## Task to carry out
Restate word for word every line from the top of the data below down through the line that holds "line L4753 (-474.699, -219.075)".

## Data entries

# # # #

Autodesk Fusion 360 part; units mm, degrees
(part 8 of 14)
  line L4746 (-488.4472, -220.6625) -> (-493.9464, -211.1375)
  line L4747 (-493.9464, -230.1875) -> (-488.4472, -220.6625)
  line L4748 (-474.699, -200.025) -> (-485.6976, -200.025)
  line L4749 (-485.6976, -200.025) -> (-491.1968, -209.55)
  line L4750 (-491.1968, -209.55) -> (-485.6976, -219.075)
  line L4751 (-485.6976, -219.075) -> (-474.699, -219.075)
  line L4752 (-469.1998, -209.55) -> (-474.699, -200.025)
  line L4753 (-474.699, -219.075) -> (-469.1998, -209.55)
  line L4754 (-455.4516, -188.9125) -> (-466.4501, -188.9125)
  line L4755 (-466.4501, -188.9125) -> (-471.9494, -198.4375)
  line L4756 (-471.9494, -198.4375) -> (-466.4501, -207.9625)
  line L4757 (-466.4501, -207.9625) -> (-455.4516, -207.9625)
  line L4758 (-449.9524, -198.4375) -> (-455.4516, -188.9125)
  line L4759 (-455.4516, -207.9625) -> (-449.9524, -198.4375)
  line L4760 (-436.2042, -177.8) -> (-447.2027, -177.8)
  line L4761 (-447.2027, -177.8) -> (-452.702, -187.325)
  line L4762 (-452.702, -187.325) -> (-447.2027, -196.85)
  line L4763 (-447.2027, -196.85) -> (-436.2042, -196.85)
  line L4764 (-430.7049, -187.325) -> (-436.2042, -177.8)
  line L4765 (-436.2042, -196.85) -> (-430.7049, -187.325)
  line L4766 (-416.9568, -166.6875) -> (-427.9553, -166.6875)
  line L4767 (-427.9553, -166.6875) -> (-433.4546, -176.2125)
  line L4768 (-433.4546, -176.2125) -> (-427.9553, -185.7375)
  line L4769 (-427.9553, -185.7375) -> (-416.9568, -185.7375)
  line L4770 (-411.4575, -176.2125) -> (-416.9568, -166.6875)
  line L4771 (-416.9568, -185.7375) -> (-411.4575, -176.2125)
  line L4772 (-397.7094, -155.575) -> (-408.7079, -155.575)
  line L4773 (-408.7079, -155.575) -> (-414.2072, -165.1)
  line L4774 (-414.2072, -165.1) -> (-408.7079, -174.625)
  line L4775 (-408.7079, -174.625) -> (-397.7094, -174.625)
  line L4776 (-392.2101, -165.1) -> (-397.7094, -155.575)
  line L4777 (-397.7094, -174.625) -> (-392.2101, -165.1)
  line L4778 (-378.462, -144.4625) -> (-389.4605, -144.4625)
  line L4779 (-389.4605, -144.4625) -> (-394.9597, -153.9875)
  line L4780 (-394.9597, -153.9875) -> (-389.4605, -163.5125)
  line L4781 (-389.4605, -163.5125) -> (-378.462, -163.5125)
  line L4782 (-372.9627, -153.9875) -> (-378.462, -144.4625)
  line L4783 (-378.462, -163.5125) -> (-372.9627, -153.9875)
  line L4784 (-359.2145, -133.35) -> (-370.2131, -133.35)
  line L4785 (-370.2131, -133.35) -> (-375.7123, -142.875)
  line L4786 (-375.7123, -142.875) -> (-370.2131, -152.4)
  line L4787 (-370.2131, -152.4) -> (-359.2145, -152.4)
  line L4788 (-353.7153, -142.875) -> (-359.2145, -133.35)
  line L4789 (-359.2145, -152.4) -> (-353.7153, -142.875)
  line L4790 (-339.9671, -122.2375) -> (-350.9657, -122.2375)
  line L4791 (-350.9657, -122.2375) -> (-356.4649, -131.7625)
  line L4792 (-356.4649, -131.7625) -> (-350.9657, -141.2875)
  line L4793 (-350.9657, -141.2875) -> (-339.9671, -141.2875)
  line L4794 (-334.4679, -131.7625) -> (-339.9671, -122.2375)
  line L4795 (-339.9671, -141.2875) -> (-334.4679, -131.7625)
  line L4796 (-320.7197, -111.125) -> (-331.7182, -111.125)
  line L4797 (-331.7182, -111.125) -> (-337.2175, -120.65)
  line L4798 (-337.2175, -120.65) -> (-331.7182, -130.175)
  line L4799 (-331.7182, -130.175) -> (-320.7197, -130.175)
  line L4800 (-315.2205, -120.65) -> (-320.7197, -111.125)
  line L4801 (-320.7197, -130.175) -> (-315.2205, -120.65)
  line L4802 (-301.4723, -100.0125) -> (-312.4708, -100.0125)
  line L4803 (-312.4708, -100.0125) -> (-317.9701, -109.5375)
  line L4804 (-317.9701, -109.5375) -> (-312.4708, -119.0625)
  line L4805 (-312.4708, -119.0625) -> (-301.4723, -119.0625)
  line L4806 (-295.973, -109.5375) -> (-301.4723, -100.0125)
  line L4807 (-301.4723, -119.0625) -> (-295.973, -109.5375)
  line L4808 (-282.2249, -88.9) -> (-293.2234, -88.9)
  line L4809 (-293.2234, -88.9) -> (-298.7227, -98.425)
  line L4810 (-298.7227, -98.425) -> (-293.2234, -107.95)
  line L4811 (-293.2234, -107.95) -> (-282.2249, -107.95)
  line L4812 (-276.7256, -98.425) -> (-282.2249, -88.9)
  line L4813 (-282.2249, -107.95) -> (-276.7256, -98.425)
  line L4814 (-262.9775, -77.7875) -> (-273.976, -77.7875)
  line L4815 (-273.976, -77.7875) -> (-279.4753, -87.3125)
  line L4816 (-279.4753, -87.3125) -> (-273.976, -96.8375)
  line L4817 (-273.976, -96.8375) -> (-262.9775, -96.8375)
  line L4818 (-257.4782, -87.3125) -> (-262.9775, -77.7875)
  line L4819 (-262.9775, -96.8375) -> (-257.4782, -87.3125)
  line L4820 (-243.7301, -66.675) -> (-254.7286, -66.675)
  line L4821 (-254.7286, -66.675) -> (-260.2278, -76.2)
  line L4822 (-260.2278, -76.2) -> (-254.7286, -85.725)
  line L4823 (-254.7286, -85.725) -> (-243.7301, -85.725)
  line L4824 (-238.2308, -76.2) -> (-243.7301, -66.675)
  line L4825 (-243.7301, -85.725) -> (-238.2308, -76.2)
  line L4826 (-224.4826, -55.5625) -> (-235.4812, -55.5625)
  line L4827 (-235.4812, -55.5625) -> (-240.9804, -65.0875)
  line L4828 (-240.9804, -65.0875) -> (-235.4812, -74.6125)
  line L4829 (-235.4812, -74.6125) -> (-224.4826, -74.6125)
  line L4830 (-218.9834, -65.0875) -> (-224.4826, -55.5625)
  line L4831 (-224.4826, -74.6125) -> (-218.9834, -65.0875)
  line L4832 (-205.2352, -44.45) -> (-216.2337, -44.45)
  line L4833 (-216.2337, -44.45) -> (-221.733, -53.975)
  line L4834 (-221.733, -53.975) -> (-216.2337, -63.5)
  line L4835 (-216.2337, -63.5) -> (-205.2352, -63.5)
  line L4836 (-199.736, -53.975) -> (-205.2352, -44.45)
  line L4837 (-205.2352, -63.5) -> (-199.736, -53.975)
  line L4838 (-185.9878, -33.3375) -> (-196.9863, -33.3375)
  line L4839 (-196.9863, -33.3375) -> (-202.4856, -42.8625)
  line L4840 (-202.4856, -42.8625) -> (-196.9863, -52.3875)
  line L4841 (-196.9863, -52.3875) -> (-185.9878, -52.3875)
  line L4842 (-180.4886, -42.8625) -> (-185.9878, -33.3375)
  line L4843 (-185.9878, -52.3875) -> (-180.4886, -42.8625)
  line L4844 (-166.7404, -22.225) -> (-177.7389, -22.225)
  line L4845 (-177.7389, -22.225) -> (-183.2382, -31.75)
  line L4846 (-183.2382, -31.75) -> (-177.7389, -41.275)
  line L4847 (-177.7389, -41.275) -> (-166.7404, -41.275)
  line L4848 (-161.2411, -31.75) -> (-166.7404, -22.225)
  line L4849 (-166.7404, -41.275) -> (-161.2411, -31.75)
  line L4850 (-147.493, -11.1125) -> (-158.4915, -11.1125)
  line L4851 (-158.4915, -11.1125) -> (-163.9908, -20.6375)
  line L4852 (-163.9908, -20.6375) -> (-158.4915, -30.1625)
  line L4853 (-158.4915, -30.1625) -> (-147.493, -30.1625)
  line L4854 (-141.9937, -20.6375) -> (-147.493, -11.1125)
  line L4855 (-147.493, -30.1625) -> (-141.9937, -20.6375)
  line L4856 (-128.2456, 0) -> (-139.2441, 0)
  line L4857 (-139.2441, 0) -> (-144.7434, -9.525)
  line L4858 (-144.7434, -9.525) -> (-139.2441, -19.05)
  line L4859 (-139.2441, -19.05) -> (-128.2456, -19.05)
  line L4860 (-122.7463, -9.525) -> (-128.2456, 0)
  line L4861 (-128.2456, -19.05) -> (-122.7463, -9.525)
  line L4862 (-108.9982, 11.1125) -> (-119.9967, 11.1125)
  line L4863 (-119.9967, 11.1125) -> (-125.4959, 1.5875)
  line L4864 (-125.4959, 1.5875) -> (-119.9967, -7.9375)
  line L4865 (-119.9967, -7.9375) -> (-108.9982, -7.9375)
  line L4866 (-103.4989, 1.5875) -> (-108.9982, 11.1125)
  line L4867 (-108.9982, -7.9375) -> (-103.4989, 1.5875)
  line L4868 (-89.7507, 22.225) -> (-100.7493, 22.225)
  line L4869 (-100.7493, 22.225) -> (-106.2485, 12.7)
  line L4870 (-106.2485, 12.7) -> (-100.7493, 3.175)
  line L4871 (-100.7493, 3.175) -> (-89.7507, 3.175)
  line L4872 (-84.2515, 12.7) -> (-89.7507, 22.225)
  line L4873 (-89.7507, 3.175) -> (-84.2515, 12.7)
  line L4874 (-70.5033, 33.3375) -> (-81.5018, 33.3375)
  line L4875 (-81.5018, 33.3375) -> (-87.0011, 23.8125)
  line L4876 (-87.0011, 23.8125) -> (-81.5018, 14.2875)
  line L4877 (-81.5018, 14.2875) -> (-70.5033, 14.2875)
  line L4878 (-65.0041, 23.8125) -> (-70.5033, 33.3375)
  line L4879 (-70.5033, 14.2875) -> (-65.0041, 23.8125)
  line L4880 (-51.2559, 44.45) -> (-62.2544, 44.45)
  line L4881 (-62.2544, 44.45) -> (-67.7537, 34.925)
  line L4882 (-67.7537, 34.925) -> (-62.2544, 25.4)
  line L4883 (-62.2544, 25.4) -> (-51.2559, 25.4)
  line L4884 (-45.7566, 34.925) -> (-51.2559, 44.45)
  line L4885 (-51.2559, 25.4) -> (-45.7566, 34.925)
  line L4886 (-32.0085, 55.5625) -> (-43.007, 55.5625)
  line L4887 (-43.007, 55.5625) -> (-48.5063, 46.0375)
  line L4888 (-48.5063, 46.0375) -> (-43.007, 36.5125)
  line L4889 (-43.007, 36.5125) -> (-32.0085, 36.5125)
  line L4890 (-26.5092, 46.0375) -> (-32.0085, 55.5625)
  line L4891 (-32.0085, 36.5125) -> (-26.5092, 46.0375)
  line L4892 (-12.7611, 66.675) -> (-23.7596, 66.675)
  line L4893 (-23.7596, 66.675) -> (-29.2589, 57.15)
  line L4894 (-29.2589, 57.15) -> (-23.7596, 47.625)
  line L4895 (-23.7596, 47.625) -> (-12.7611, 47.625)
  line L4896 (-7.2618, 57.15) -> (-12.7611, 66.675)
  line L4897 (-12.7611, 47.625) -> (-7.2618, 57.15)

# # # #

## Solution for this task
Autodesk Fusion 360 part; units mm, degrees
(part 8 of 14)
  line L4746 (-488.4472, -220.6625) -> (-493.9464, -211.1375)
  line L4747 (-493.9464, -230.1875) -> (-488.4472, -220.6625)
  line L4748 (-474.699, -200.025) -> (-485.6976, -200.025)
  line L4749 (-485.6976, -200.025) -> (-491.1968, -209.55)
  line L4750 (-491.1968, -209.55) -> (-485.6976, -219.075)
  line L4751 (-485.6976, -219.075) -> (-474.699, -219.075)
  line L4752 (-469.1998, -209.55) -> (-474.699, -200.025)
  line L4753 (-474.699, -219.075) -> (-469.1998, -209.55)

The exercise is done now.